RECORDS SHOWN:
= = = =

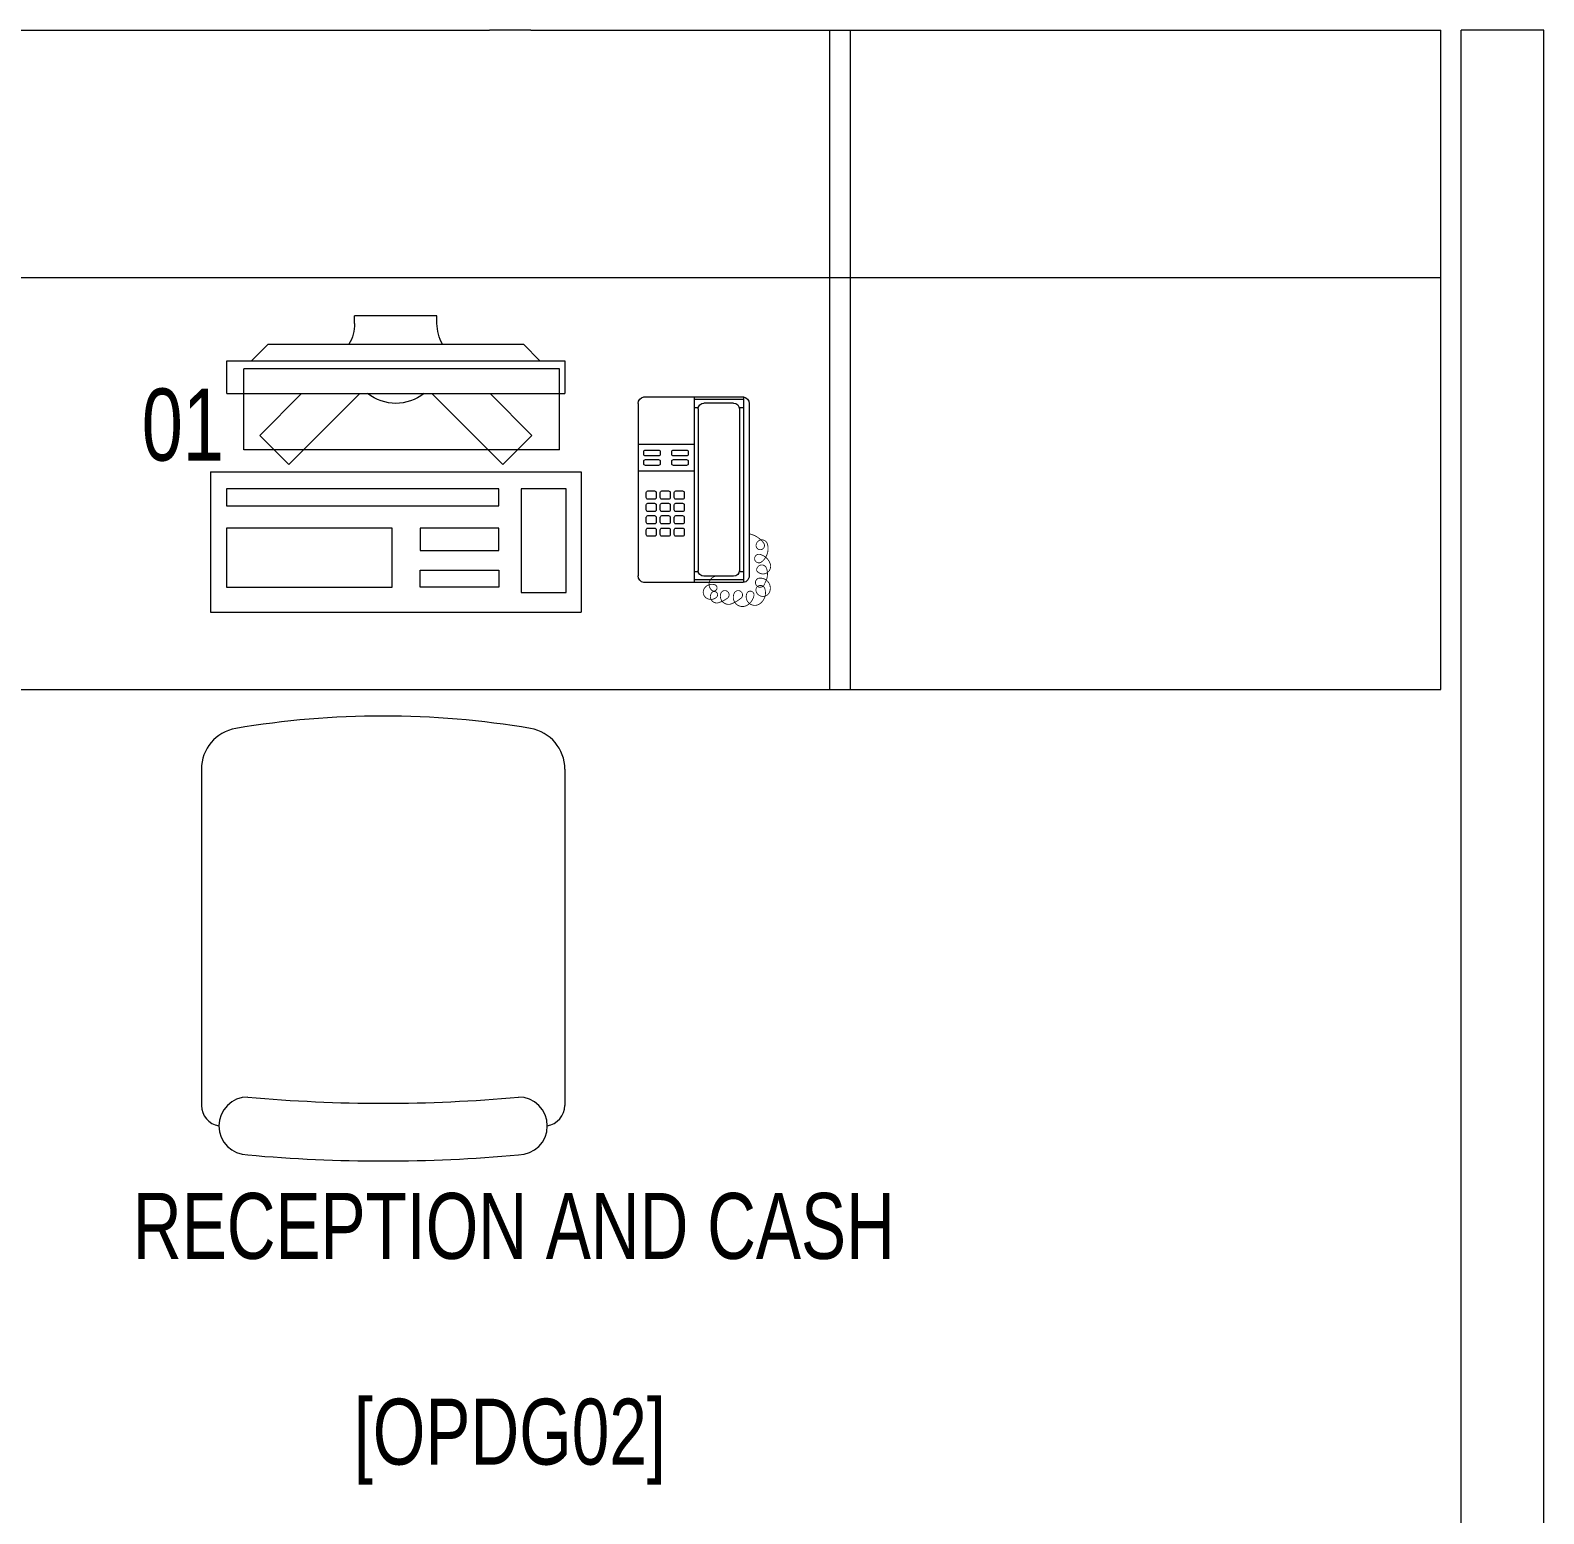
# Model space of a CAD drawing. Extents: x -234346 to 58427, y -132654 to -82394.
# Drawn here: x -138996 to -137159, y -107543 to -105743 of the extents above; entities that cross this region are included whole.
import ezdxf

# ---------------------------------------------------------------- set-up
doc = ezdxf.new("R2010")
doc.units = 0
doc.header["$LTSCALE"] = 8
doc.layers.get('0').update_dxf_attribs({"color": 9, "lineweight": 5})
for name, color, linetype, lineweight in [('72_EGR_BASE_TEXT', 9, 'Continuous', 5), ('72_EGR_EQP_TAG', 9, 'Continuous', 5), ('LOADING', 9, 'Continuous', 5), ('Walls', 9, 'Continuous', 5)]:
    doc.layers.add(name, color=color, linetype=linetype, lineweight=lineweight)
doc.styles.add('X3G_ENTITY_257CFD', font='swisscl.ttf', dxfattribs={"height": 200})
doc.styles.add('X3G_ENTITY_258652', font='swisscl.ttf', dxfattribs={"height": 200})
doc.styles.add('X3G_ENTITY_258862', font='swisscl.ttf', dxfattribs={"height": 200})

# ---------------------------------------------------------------- blocks, each defined once
blk = doc.blocks.new('GF21021-P')
for p, q in [((-0.2207, 0.4756), (-0.2207, 0.0675)), ((0.2205, 0.4756), (0.2205, 0.0675))]:
    blk.add_line(p, q)
for centre, radius, start, end in [((-0.0001, -0.5295), 1.0695, 80.3671, 99.6329), ((-0.1707, 0.4756), 0.05, 99.6329, 180), ((0.1705, 0.4756), 0.05, 0, 80.3671), ((-0.1643, 0.0425), 0.0351, 90, 270), ((0, 1.8467), 1.7767, 264.6946, 275.3053), ((0.1641, 0.0425), 0.0351, 270, 90), ((-0.1957, 0.0675), 0.025, 180, 261.4721), ((0.1955, 0.0675), 0.025, 278.5279, 0), ((0, 1.8314), 1.8314, 264.8532, 275.147)]:
    blk.add_arc(centre, radius, start, end)
blk = doc.blocks.new('DM20079-P')
for p, q in [((-0.0616, 0.225), (0.0594, 0.225)), ((-0.0616, 0.225), (-0.0616, 0)), ((-0.0616, 0.222), (-0.0016, 0.222)), ((-0.0016, 0.225), (-0.0016, 0)), ((-0.0686, 0.217), (-0.0686, 0.008)), ((-0.0616, 0.212), (-0.0565, 0.212)), ((-0.0566, 0.2105), (-0.0566, 0.0145)), ((-0.0496, 0.2175), (-0.0136, 0.2175)), ((-0.0068, 0.212), (-0.0016, 0.212)), ((-0.0066, 0.2105), (-0.0066, 0.0145)), ((0.0664, 0.217), (0.0664, 0.008)), ((-0.0016, 0.1675), (0.0664, 0.1675)), ((-0.0016, 0.135), (0.0664, 0.135)), ((-0.0616, 0.013), (-0.0565, 0.013)), ((-0.0616, 0.003), (-0.0016, 0.003)), ((-0.0594, 0), (0.0594, 0)), ((-0.0496, 0.0075), (-0.0136, 0.0075)), ((-0.0068, 0.013), (-0.0016, 0.013))]:
    blk.add_line(p, q)
for points in [[(0.0074, 0.1605, 0.414214), (0.0054, 0.1585), (0.0054, 0.1555, 0.414214), (0.0074, 0.1535), (0.0234, 0.1535, 0.414214), (0.0254, 0.1555), (0.0254, 0.1585, 0.414214), (0.0234, 0.1605)], [(0.0234, 0.142, 0.414214), (0.0254, 0.144), (0.0254, 0.147, 0.414214), (0.0234, 0.149), (0.0074, 0.149, 0.414214), (0.0054, 0.147), (0.0054, 0.144, 0.414214), (0.0074, 0.142)], [(0.0574, 0.1535, 0.414214), (0.0594, 0.1555), (0.0594, 0.1585, 0.414214), (0.0574, 0.1605), (0.0414, 0.1605, 0.414214), (0.0394, 0.1585), (0.0394, 0.1555, 0.414214), (0.0414, 0.1535)], [(0.0574, 0.142, 0.414214), (0.0594, 0.144), (0.0594, 0.147, 0.414214), (0.0574, 0.149), (0.0414, 0.149, 0.414214), (0.0394, 0.147), (0.0394, 0.144, 0.414214), (0.0414, 0.142)], [(0.0104, 0.103, 0.414214), (0.0124, 0.101), (0.0204, 0.101, 0.414214), (0.0224, 0.103), (0.0224, 0.109, 0.414214), (0.0204, 0.111), (0.0124, 0.111, 0.414214), (0.0104, 0.109)], [(0.0274, 0.103, 0.414214), (0.0294, 0.101), (0.0374, 0.101, 0.414214), (0.0394, 0.103), (0.0394, 0.109, 0.414214), (0.0374, 0.111), (0.0294, 0.111, 0.414214), (0.0274, 0.109)], [(0.0444, 0.103, 0.414214), (0.0464, 0.101), (0.0544, 0.101, 0.414214), (0.0564, 0.103), (0.0564, 0.109, 0.414214), (0.0544, 0.111), (0.0464, 0.111, 0.414214), (0.0444, 0.109)], [(0.0104, 0.088, 0.414214), (0.0124, 0.086), (0.0204, 0.086, 0.414214), (0.0224, 0.088), (0.0224, 0.094, 0.414214), (0.0204, 0.096), (0.0124, 0.096, 0.414214), (0.0104, 0.094)], [(0.0274, 0.088, 0.414214), (0.0294, 0.086), (0.0374, 0.086, 0.414214), (0.0394, 0.088), (0.0394, 0.094, 0.414214), (0.0374, 0.096), (0.0294, 0.096, 0.414214), (0.0274, 0.094)], [(0.0444, 0.088, 0.414214), (0.0464, 0.086), (0.0544, 0.086, 0.414214), (0.0564, 0.088), (0.0564, 0.094, 0.414214), (0.0544, 0.096), (0.0464, 0.096, 0.414214), (0.0444, 0.094)], [(0.0104, 0.073, 0.414214), (0.0124, 0.071), (0.0204, 0.071, 0.414214), (0.0224, 0.073), (0.0224, 0.079, 0.414214), (0.0204, 0.081), (0.0124, 0.081, 0.414214), (0.0104, 0.079)], [(0.0274, 0.073, 0.414214), (0.0294, 0.071), (0.0374, 0.071, 0.414214), (0.0394, 0.073), (0.0394, 0.079, 0.414214), (0.0374, 0.081), (0.0294, 0.081, 0.414214), (0.0274, 0.079)], [(0.0444, 0.073, 0.414214), (0.0464, 0.071), (0.0544, 0.071, 0.414214), (0.0564, 0.073), (0.0564, 0.079, 0.414214), (0.0544, 0.081), (0.0464, 0.081, 0.414214), (0.0444, 0.079)], [(0.0104, 0.058, 0.414214), (0.0124, 0.056), (0.0204, 0.056, 0.414214), (0.0224, 0.058), (0.0224, 0.064, 0.414214), (0.0204, 0.066), (0.0124, 0.066, 0.414214), (0.0104, 0.064)], [(0.0274, 0.058, 0.414214), (0.0294, 0.056), (0.0374, 0.056, 0.414214), (0.0394, 0.058), (0.0394, 0.064, 0.414214), (0.0374, 0.066), (0.0294, 0.066, 0.414214), (0.0274, 0.064)], [(0.0444, 0.058, 0.414214), (0.0464, 0.056), (0.0544, 0.056, 0.414214), (0.0564, 0.058), (0.0564, 0.064, 0.414214), (0.0544, 0.066), (0.0464, 0.066, 0.414214), (0.0444, 0.064)]]:
    blk.add_lwpolyline(points, format="xyb", close=True)
at = {"const_width": 0.001}
blk.add_lwpolyline([(-0.0686, 0.059, 0.184574), (-0.0861, 0.0478, 1.44364), (-0.0769, 0.0452, 0.837915), (-0.0907, 0.0465, 0.30536), (-0.0835, 0.0248, 1.584726), (-0.0815, 0.034, 0.253153), (-0.094, 0.0228, 0.874198), (-0.0776, 0.0142, 0.915253), (-0.0897, 0.0168, 0.223821), (-0.0874, -0.0011, 1.703343), (-0.0796, 0.005, 0.588962), (-0.0934, -0.0114, 0.717795), (-0.0769, -0.0108, 0.983104), (-0.0875, -0.0075, 0.326362), (-0.0815, -0.0259, 0.758716), (-0.0657, -0.0134, 0.906186), (-0.0743, -0.016, 0.189488), (-0.067, -0.0272, 0.7948), (-0.0506, -0.0127, 1.223996), (-0.0585, -0.0193, 0.072149), (-0.0473, -0.0259, 0.645886), (-0.0341, -0.0134, 1.366917), (-0.042, -0.0193, 0.078415), (-0.0315, -0.0246, 0.723006), (-0.0229, -0.0127, 1.105484), (-0.0289, -0.018, 0.327892), (-0.017, -0.0193, 0.446638), (-0.0144, -0.0068, 0.327263), (-0.0269, -0.0029, 1.240441), (-0.0229, -0.0094, 0.611307), (-0.0278, 0.0075)], format="xyb", dxfattribs=at)
for centre, radius, start, end in [((-0.0605, 0.217), 0.00813, 97.9633, 179.6649), ((0.0582, 0.217), 0.00813, 0.3351, 82.0367), ((-0.0496, 0.2105), 0.007, 90, 180), ((-0.0136, 0.2105), 0.007, 0, 90), ((-0.0605, 0.008), 0.00813, 180.3351, 277.9633), ((-0.0496, 0.0145), 0.007, 180, 270), ((-0.0136, 0.0145), 0.007, 270, 0), ((0.0582, 0.008), 0.00813, 277.9633, 359.6649)]:
    blk.add_arc(centre, radius, start, end)
blk = doc.blocks.new('ITCWLS1-P')
at = {"layer": 'LOADING'}
for p, q in [((-0.17, 0.45), (-0.17, 0)), ((-0.17, 0.45), (0, 0.45)), ((0, 0.45), (0, 0)), ((-0.2651, 0.43, 0), (-0.3051, 0.43, 0)), ((-0.3051, 0.43, 0), (-0.3051, 0.02, 0)), ((-0.2651, 0.43, 0), (-0.2651, 0.02, 0)), ((-0.1496, 0.4305), (-0.1291, 0.4305)), ((-0.1291, 0.4305), (-0.1291, 0.4089)), ((-0.197, 0.4094), (-0.295, 0.4094)), ((-0.295, 0.0264), (-0.295, 0.4094)), ((-0.197, 0.0264), (-0.197, 0.4094)), ((-0.3251, 0.38, 0), (-0.3051, 0.4, 0)), ((-0.3251, 0.38, 0), (-0.3251, 0.07, 0)), ((-0.3503, 0.275), (-0.3596, 0.275)), ((-0.3596, 0.175), (-0.3596, 0.275)), ((-0.3503, 0.175), (-0.3596, 0.175)), ((-0.3251, 0.07, 0), (-0.3051, 0.05, 0)), ((-0.3051, 0.02, 0), (-0.2651, 0.02, 0)), ((-0.197, 0.0264), (-0.295, 0.0264)), ((-0.17, 0), (0, 0))]:
    blk.add_line(p, q, dxfattribs=at)
at = {"layer": 'LOADING', "extrusion": (2.48281e-10, 3.18408e-10, -1)}
for p, q in [((-0.2651, 0.3395), (-0.2144, 0.3902)), ((-0.1791, 0.3548), (-0.2144, 0.3902)), ((-0.2651, 0.2688), (-0.1791, 0.3548))]:
    blk.add_line(p, q, dxfattribs=at)
at = {"layer": 'LOADING', "extrusion": (2.48281e-10, -3.18408e-10, -1)}
for p, q in [((-0.2651, 0.1812), (-0.1791, 0.0952)), ((-0.2651, 0.1105), (-0.2144, 0.0598)), ((-0.1791, 0.0952), (-0.2144, 0.0598))]:
    blk.add_line(p, q, dxfattribs=at)
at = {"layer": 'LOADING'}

= = = =

ASSIGNED TASK:
Sift through the material above and copy the lines that contain the word "centre".

ANSWER FOR THE TASK:
for centre, radius, start, end in [((-0.0001, -0.5295), 1.0695, 80.3671, 99.6329), ((-0.1707, 0.4756), 0.05, 99.6329, 180), ((0.1705, 0.4756), 0.05, 0, 80.3671), ((-0.1643, 0.0425), 0.0351, 90, 270), ((0, 1.8467), 1.7767, 264.6946, 275.3053), ((0.1641, 0.0425), 0.0351, 270, 90), ((-0.1957, 0.0675), 0.025, 180, 261.4721), ((0.1955, 0.0675), 0.025, 278.5279, 0), ((0, 1.8314), 1.8314, 264.8532, 275.147)]:
    blk.add_arc(centre, radius, start, end)
for centre, radius, start, end in [((-0.0605, 0.217), 0.00813, 97.9633, 179.6649), ((0.0582, 0.217), 0.00813, 0.3351, 82.0367), ((-0.0496, 0.2105), 0.007, 90, 180), ((-0.0136, 0.2105), 0.007, 0, 90), ((-0.0605, 0.008), 0.00813, 180.3351, 277.9633), ((-0.0496, 0.0145), 0.007, 180, 270), ((-0.0136, 0.0145), 0.007, 270, 0), ((0.0582, 0.008), 0.00813, 277.9633, 359.6649)]:
    blk.add_arc(centre, radius, start, end)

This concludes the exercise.